TASK ITEM:
When a line below contains the word "mxGraphModel", copy that line.
Top of SOURCE DATA
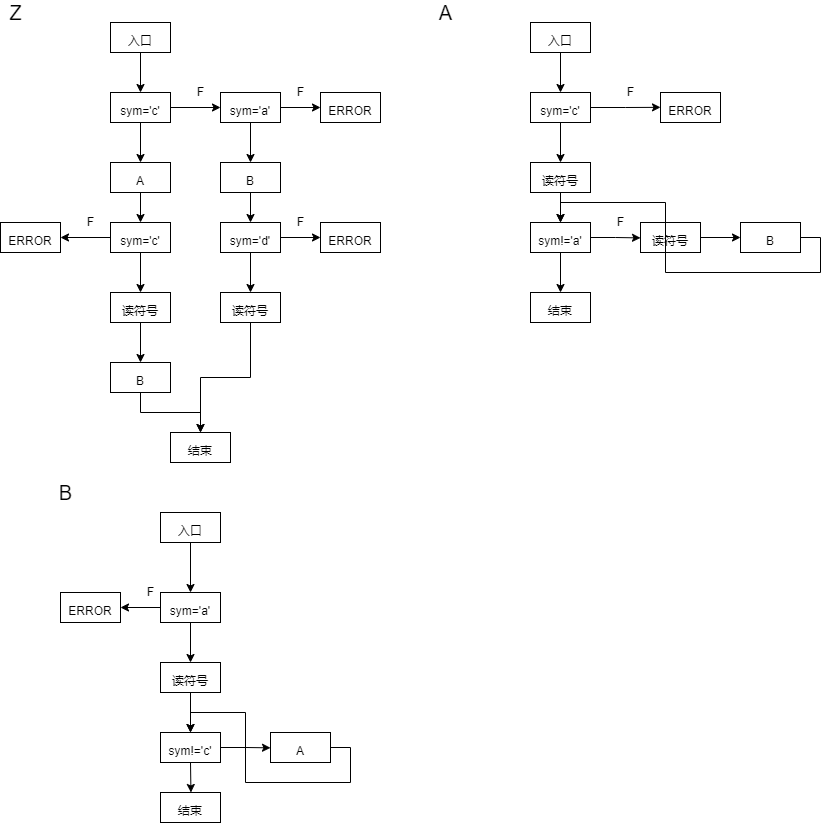

The diagram above was exported from draw.io. Its source (the exported page's mxGraphModel, read from the mxfile embedded in the PNG):
<mxGraphModel dx="1574" dy="1206" grid="1" gridSize="10" guides="1" tooltips="1" connect="1" arrows="1" fold="1" page="1" pageScale="1" pageWidth="1920" pageHeight="1200" math="0" shadow="0">
  <root>
    <mxCell id="0" />
    <mxCell id="1" parent="0" />
    <mxCell id="uy1OIvHq3lukoLT2sggH-1" value="&lt;font style=&quot;font-size: 20px&quot;&gt;Z&lt;/font&gt;" style="text;html=1;align=center;verticalAlign=middle;resizable=0;points=[];autosize=1;strokeColor=none;fillColor=none;" vertex="1" parent="1">
      <mxGeometry x="120" y="140" width="30" height="20" as="geometry" />
    </mxCell>
    <mxCell id="uy1OIvHq3lukoLT2sggH-6" style="edgeStyle=orthogonalEdgeStyle;rounded=0;orthogonalLoop=1;jettySize=auto;html=1;exitX=1;exitY=0.5;exitDx=0;exitDy=0;fontSize=12;" edge="1" parent="1" source="uy1OIvHq3lukoLT2sggH-2" target="uy1OIvHq3lukoLT2sggH-5">
      <mxGeometry relative="1" as="geometry" />
    </mxCell>
    <mxCell id="uy1OIvHq3lukoLT2sggH-31" style="edgeStyle=orthogonalEdgeStyle;rounded=0;orthogonalLoop=1;jettySize=auto;html=1;exitX=0.5;exitY=1;exitDx=0;exitDy=0;entryX=0.5;entryY=0;entryDx=0;entryDy=0;fontSize=12;" edge="1" parent="1" source="uy1OIvHq3lukoLT2sggH-2" target="uy1OIvHq3lukoLT2sggH-14">
      <mxGeometry relative="1" as="geometry" />
    </mxCell>
    <mxCell id="uy1OIvHq3lukoLT2sggH-2" value="&lt;font style=&quot;font-size: 12px&quot;&gt;sym='c'&lt;/font&gt;" style="rounded=0;whiteSpace=wrap;html=1;fontSize=20;" vertex="1" parent="1">
      <mxGeometry x="230" y="230" width="60" height="30" as="geometry" />
    </mxCell>
    <mxCell id="uy1OIvHq3lukoLT2sggH-4" style="edgeStyle=orthogonalEdgeStyle;rounded=0;orthogonalLoop=1;jettySize=auto;html=1;exitX=0.5;exitY=1;exitDx=0;exitDy=0;entryX=0.5;entryY=0;entryDx=0;entryDy=0;fontSize=12;" edge="1" parent="1" source="uy1OIvHq3lukoLT2sggH-3" target="uy1OIvHq3lukoLT2sggH-2">
      <mxGeometry relative="1" as="geometry" />
    </mxCell>
    <mxCell id="uy1OIvHq3lukoLT2sggH-3" value="&lt;span style=&quot;font-size: 12px&quot;&gt;入口&lt;/span&gt;" style="rounded=0;whiteSpace=wrap;html=1;fontSize=20;" vertex="1" parent="1">
      <mxGeometry x="230" y="160" width="60" height="30" as="geometry" />
    </mxCell>
    <mxCell id="uy1OIvHq3lukoLT2sggH-13" style="edgeStyle=orthogonalEdgeStyle;rounded=0;orthogonalLoop=1;jettySize=auto;html=1;exitX=1;exitY=0.5;exitDx=0;exitDy=0;fontSize=12;" edge="1" parent="1" source="uy1OIvHq3lukoLT2sggH-5" target="uy1OIvHq3lukoLT2sggH-12">
      <mxGeometry relative="1" as="geometry" />
    </mxCell>
    <mxCell id="uy1OIvHq3lukoLT2sggH-32" style="edgeStyle=orthogonalEdgeStyle;rounded=0;orthogonalLoop=1;jettySize=auto;html=1;exitX=0.5;exitY=1;exitDx=0;exitDy=0;entryX=0.5;entryY=0;entryDx=0;entryDy=0;fontSize=12;" edge="1" parent="1" source="uy1OIvHq3lukoLT2sggH-5" target="uy1OIvHq3lukoLT2sggH-25">
      <mxGeometry relative="1" as="geometry" />
    </mxCell>
    <mxCell id="uy1OIvHq3lukoLT2sggH-5" value="&lt;font style=&quot;font-size: 12px&quot;&gt;sym='a'&lt;/font&gt;" style="rounded=0;whiteSpace=wrap;html=1;fontSize=20;" vertex="1" parent="1">
      <mxGeometry x="340" y="230" width="60" height="30" as="geometry" />
    </mxCell>
    <mxCell id="uy1OIvHq3lukoLT2sggH-7" value="F" style="text;html=1;align=center;verticalAlign=middle;resizable=0;points=[];autosize=1;strokeColor=none;fillColor=none;fontSize=12;" vertex="1" parent="1">
      <mxGeometry x="310" y="220" width="20" height="20" as="geometry" />
    </mxCell>
    <mxCell id="uy1OIvHq3lukoLT2sggH-12" value="&lt;font style=&quot;font-size: 12px&quot;&gt;ERROR&lt;/font&gt;" style="rounded=0;whiteSpace=wrap;html=1;fontSize=20;" vertex="1" parent="1">
      <mxGeometry x="440" y="230" width="60" height="30" as="geometry" />
    </mxCell>
    <mxCell id="uy1OIvHq3lukoLT2sggH-17" style="edgeStyle=orthogonalEdgeStyle;rounded=0;orthogonalLoop=1;jettySize=auto;html=1;exitX=0.5;exitY=1;exitDx=0;exitDy=0;entryX=0.5;entryY=0;entryDx=0;entryDy=0;fontSize=12;" edge="1" parent="1" source="uy1OIvHq3lukoLT2sggH-14" target="uy1OIvHq3lukoLT2sggH-16">
      <mxGeometry relative="1" as="geometry" />
    </mxCell>
    <mxCell id="uy1OIvHq3lukoLT2sggH-14" value="&lt;span style=&quot;font-size: 12px&quot;&gt;A&lt;/span&gt;" style="rounded=0;whiteSpace=wrap;html=1;fontSize=20;" vertex="1" parent="1">
      <mxGeometry x="230" y="300" width="60" height="30" as="geometry" />
    </mxCell>
    <mxCell id="uy1OIvHq3lukoLT2sggH-20" style="edgeStyle=orthogonalEdgeStyle;rounded=0;orthogonalLoop=1;jettySize=auto;html=1;exitX=0;exitY=0.5;exitDx=0;exitDy=0;entryX=1;entryY=0.5;entryDx=0;entryDy=0;fontSize=12;" edge="1" parent="1" source="uy1OIvHq3lukoLT2sggH-16" target="uy1OIvHq3lukoLT2sggH-18">
      <mxGeometry relative="1" as="geometry" />
    </mxCell>
    <mxCell id="uy1OIvHq3lukoLT2sggH-27" style="edgeStyle=orthogonalEdgeStyle;rounded=0;orthogonalLoop=1;jettySize=auto;html=1;exitX=0.5;exitY=1;exitDx=0;exitDy=0;entryX=0.5;entryY=0;entryDx=0;entryDy=0;fontSize=12;" edge="1" parent="1" source="uy1OIvHq3lukoLT2sggH-16" target="uy1OIvHq3lukoLT2sggH-26">
      <mxGeometry relative="1" as="geometry" />
    </mxCell>
    <mxCell id="uy1OIvHq3lukoLT2sggH-16" value="&lt;font style=&quot;font-size: 12px&quot;&gt;sym='c'&lt;/font&gt;" style="rounded=0;whiteSpace=wrap;html=1;fontSize=20;" vertex="1" parent="1">
      <mxGeometry x="230" y="360" width="60" height="30" as="geometry" />
    </mxCell>
    <mxCell id="uy1OIvHq3lukoLT2sggH-18" value="&lt;font style=&quot;font-size: 12px&quot;&gt;ERROR&lt;/font&gt;" style="rounded=0;whiteSpace=wrap;html=1;fontSize=20;" vertex="1" parent="1">
      <mxGeometry x="120" y="360" width="60" height="30" as="geometry" />
    </mxCell>
    <mxCell id="uy1OIvHq3lukoLT2sggH-19" value="F" style="text;html=1;align=center;verticalAlign=middle;resizable=0;points=[];autosize=1;strokeColor=none;fillColor=none;fontSize=12;" vertex="1" parent="1">
      <mxGeometry x="410" y="220" width="20" height="20" as="geometry" />
    </mxCell>
    <mxCell id="uy1OIvHq3lukoLT2sggH-21" value="F" style="text;html=1;align=center;verticalAlign=middle;resizable=0;points=[];autosize=1;strokeColor=none;fillColor=none;fontSize=12;" vertex="1" parent="1">
      <mxGeometry x="200" y="350" width="20" height="20" as="geometry" />
    </mxCell>
    <mxCell id="uy1OIvHq3lukoLT2sggH-30" style="edgeStyle=orthogonalEdgeStyle;rounded=0;orthogonalLoop=1;jettySize=auto;html=1;exitX=0.5;exitY=1;exitDx=0;exitDy=0;entryX=0.5;entryY=0;entryDx=0;entryDy=0;fontSize=12;" edge="1" parent="1" source="uy1OIvHq3lukoLT2sggH-22" target="uy1OIvHq3lukoLT2sggH-29">
      <mxGeometry relative="1" as="geometry" />
    </mxCell>
    <mxCell id="uy1OIvHq3lukoLT2sggH-22" value="&lt;span style=&quot;font-size: 12px&quot;&gt;B&lt;/span&gt;" style="rounded=0;whiteSpace=wrap;html=1;fontSize=20;" vertex="1" parent="1">
      <mxGeometry x="230" y="500" width="60" height="30" as="geometry" />
    </mxCell>
    <mxCell id="uy1OIvHq3lukoLT2sggH-34" style="edgeStyle=orthogonalEdgeStyle;rounded=0;orthogonalLoop=1;jettySize=auto;html=1;exitX=0.5;exitY=1;exitDx=0;exitDy=0;entryX=0.5;entryY=0;entryDx=0;entryDy=0;fontSize=12;" edge="1" parent="1" source="uy1OIvHq3lukoLT2sggH-25" target="uy1OIvHq3lukoLT2sggH-33">
      <mxGeometry relative="1" as="geometry" />
    </mxCell>
    <mxCell id="uy1OIvHq3lukoLT2sggH-25" value="&lt;span style=&quot;font-size: 12px&quot;&gt;B&lt;/span&gt;" style="rounded=0;whiteSpace=wrap;html=1;fontSize=20;" vertex="1" parent="1">
      <mxGeometry x="340" y="300" width="60" height="30" as="geometry" />
    </mxCell>
    <mxCell id="uy1OIvHq3lukoLT2sggH-28" style="edgeStyle=orthogonalEdgeStyle;rounded=0;orthogonalLoop=1;jettySize=auto;html=1;exitX=0.5;exitY=1;exitDx=0;exitDy=0;entryX=0.5;entryY=0;entryDx=0;entryDy=0;fontSize=12;" edge="1" parent="1" source="uy1OIvHq3lukoLT2sggH-26" target="uy1OIvHq3lukoLT2sggH-22">
      <mxGeometry relative="1" as="geometry" />
    </mxCell>
    <mxCell id="uy1OIvHq3lukoLT2sggH-26" value="&lt;span style=&quot;font-size: 12px&quot;&gt;读符号&lt;/span&gt;" style="rounded=0;whiteSpace=wrap;html=1;fontSize=20;" vertex="1" parent="1">
      <mxGeometry x="230" y="430" width="60" height="30" as="geometry" />
    </mxCell>
    <mxCell id="uy1OIvHq3lukoLT2sggH-29" value="&lt;span style=&quot;font-size: 12px&quot;&gt;结束&lt;/span&gt;" style="rounded=0;whiteSpace=wrap;html=1;fontSize=20;" vertex="1" parent="1">
      <mxGeometry x="290" y="570" width="60" height="30" as="geometry" />
    </mxCell>
    <mxCell id="uy1OIvHq3lukoLT2sggH-36" style="edgeStyle=orthogonalEdgeStyle;rounded=0;orthogonalLoop=1;jettySize=auto;html=1;exitX=0.5;exitY=1;exitDx=0;exitDy=0;fontSize=12;" edge="1" parent="1" source="uy1OIvHq3lukoLT2sggH-33" target="uy1OIvHq3lukoLT2sggH-35">
      <mxGeometry relative="1" as="geometry" />
    </mxCell>
    <mxCell id="uy1OIvHq3lukoLT2sggH-41" style="edgeStyle=orthogonalEdgeStyle;rounded=0;orthogonalLoop=1;jettySize=auto;html=1;exitX=1;exitY=0.5;exitDx=0;exitDy=0;fontSize=12;" edge="1" parent="1" source="uy1OIvHq3lukoLT2sggH-33" target="uy1OIvHq3lukoLT2sggH-39">
      <mxGeometry relative="1" as="geometry" />
    </mxCell>
    <mxCell id="uy1OIvHq3lukoLT2sggH-33" value="&lt;font style=&quot;font-size: 12px&quot;&gt;sym='d'&lt;/font&gt;" style="rounded=0;whiteSpace=wrap;html=1;fontSize=20;" vertex="1" parent="1">
      <mxGeometry x="340" y="360" width="60" height="30" as="geometry" />
    </mxCell>
    <mxCell id="uy1OIvHq3lukoLT2sggH-38" style="edgeStyle=orthogonalEdgeStyle;rounded=0;orthogonalLoop=1;jettySize=auto;html=1;exitX=0.5;exitY=1;exitDx=0;exitDy=0;entryX=0.5;entryY=0;entryDx=0;entryDy=0;fontSize=12;" edge="1" parent="1" source="uy1OIvHq3lukoLT2sggH-35" target="uy1OIvHq3lukoLT2sggH-29">
      <mxGeometry relative="1" as="geometry" />
    </mxCell>
    <mxCell id="uy1OIvHq3lukoLT2sggH-35" value="&lt;span style=&quot;font-size: 12px&quot;&gt;读符号&lt;/span&gt;" style="rounded=0;whiteSpace=wrap;html=1;fontSize=20;" vertex="1" parent="1">
      <mxGeometry x="340" y="430" width="60" height="30" as="geometry" />
    </mxCell>
    <mxCell id="uy1OIvHq3lukoLT2sggH-39" value="&lt;font style=&quot;font-size: 12px&quot;&gt;ERROR&lt;/font&gt;" style="rounded=0;whiteSpace=wrap;html=1;fontSize=20;" vertex="1" parent="1">
      <mxGeometry x="440" y="360" width="60" height="30" as="geometry" />
    </mxCell>
    <mxCell id="uy1OIvHq3lukoLT2sggH-42" value="F" style="text;html=1;align=center;verticalAlign=middle;resizable=0;points=[];autosize=1;strokeColor=none;fillColor=none;fontSize=12;" vertex="1" parent="1">
      <mxGeometry x="410" y="350" width="20" height="20" as="geometry" />
    </mxCell>
    <mxCell id="uy1OIvHq3lukoLT2sggH-43" value="&lt;font style=&quot;font-size: 20px&quot;&gt;A&lt;/font&gt;" style="text;html=1;align=center;verticalAlign=middle;resizable=0;points=[];autosize=1;strokeColor=none;fillColor=none;" vertex="1" parent="1">
      <mxGeometry x="550" y="140" width="30" height="20" as="geometry" />
    </mxCell>
    <mxCell id="uy1OIvHq3lukoLT2sggH-46" style="edgeStyle=orthogonalEdgeStyle;rounded=0;orthogonalLoop=1;jettySize=auto;html=1;exitX=0.5;exitY=1;exitDx=0;exitDy=0;entryX=0.5;entryY=0;entryDx=0;entryDy=0;fontSize=12;" edge="1" parent="1" source="uy1OIvHq3lukoLT2sggH-44" target="uy1OIvHq3lukoLT2sggH-45">
      <mxGeometry relative="1" as="geometry" />
    </mxCell>
    <mxCell id="uy1OIvHq3lukoLT2sggH-44" value="&lt;span style=&quot;font-size: 12px&quot;&gt;入口&lt;/span&gt;" style="rounded=0;whiteSpace=wrap;html=1;fontSize=20;" vertex="1" parent="1">
      <mxGeometry x="650" y="160" width="60" height="30" as="geometry" />
    </mxCell>
    <mxCell id="uy1OIvHq3lukoLT2sggH-47" style="edgeStyle=orthogonalEdgeStyle;rounded=0;orthogonalLoop=1;jettySize=auto;html=1;exitX=1;exitY=0.5;exitDx=0;exitDy=0;fontSize=12;" edge="1" parent="1" source="uy1OIvHq3lukoLT2sggH-45">
      <mxGeometry relative="1" as="geometry">
        <mxPoint x="780" y="244.8461538461538" as="targetPoint" />
      </mxGeometry>
    </mxCell>
    <mxCell id="uy1OIvHq3lukoLT2sggH-51" style="edgeStyle=orthogonalEdgeStyle;rounded=0;orthogonalLoop=1;jettySize=auto;html=1;exitX=0.5;exitY=1;exitDx=0;exitDy=0;entryX=0.5;entryY=0;entryDx=0;entryDy=0;fontSize=12;" edge="1" parent="1" source="uy1OIvHq3lukoLT2sggH-45" target="uy1OIvHq3lukoLT2sggH-50">
      <mxGeometry relative="1" as="geometry" />
    </mxCell>
    <mxCell id="uy1OIvHq3lukoLT2sggH-45" value="&lt;font style=&quot;font-size: 12px&quot;&gt;sym='c'&lt;/font&gt;" style="rounded=0;whiteSpace=wrap;html=1;fontSize=20;" vertex="1" parent="1">
      <mxGeometry x="650" y="230" width="60" height="30" as="geometry" />
    </mxCell>
    <mxCell id="uy1OIvHq3lukoLT2sggH-48" value="&lt;font style=&quot;font-size: 12px&quot;&gt;ERROR&lt;/font&gt;" style="rounded=0;whiteSpace=wrap;html=1;fontSize=20;" vertex="1" parent="1">
      <mxGeometry x="780" y="230" width="60" height="30" as="geometry" />
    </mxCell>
Bottom of SOURCE DATA
RESULT OF THIS TASK:
The diagram above was exported from draw.io. Its source (the exported page's mxGraphModel, read from the mxfile embedded in the PNG):
<mxGraphModel dx="1574" dy="1206" grid="1" gridSize="10" guides="1" tooltips="1" connect="1" arrows="1" fold="1" page="1" pageScale="1" pageWidth="1920" pageHeight="1200" math="0" shadow="0">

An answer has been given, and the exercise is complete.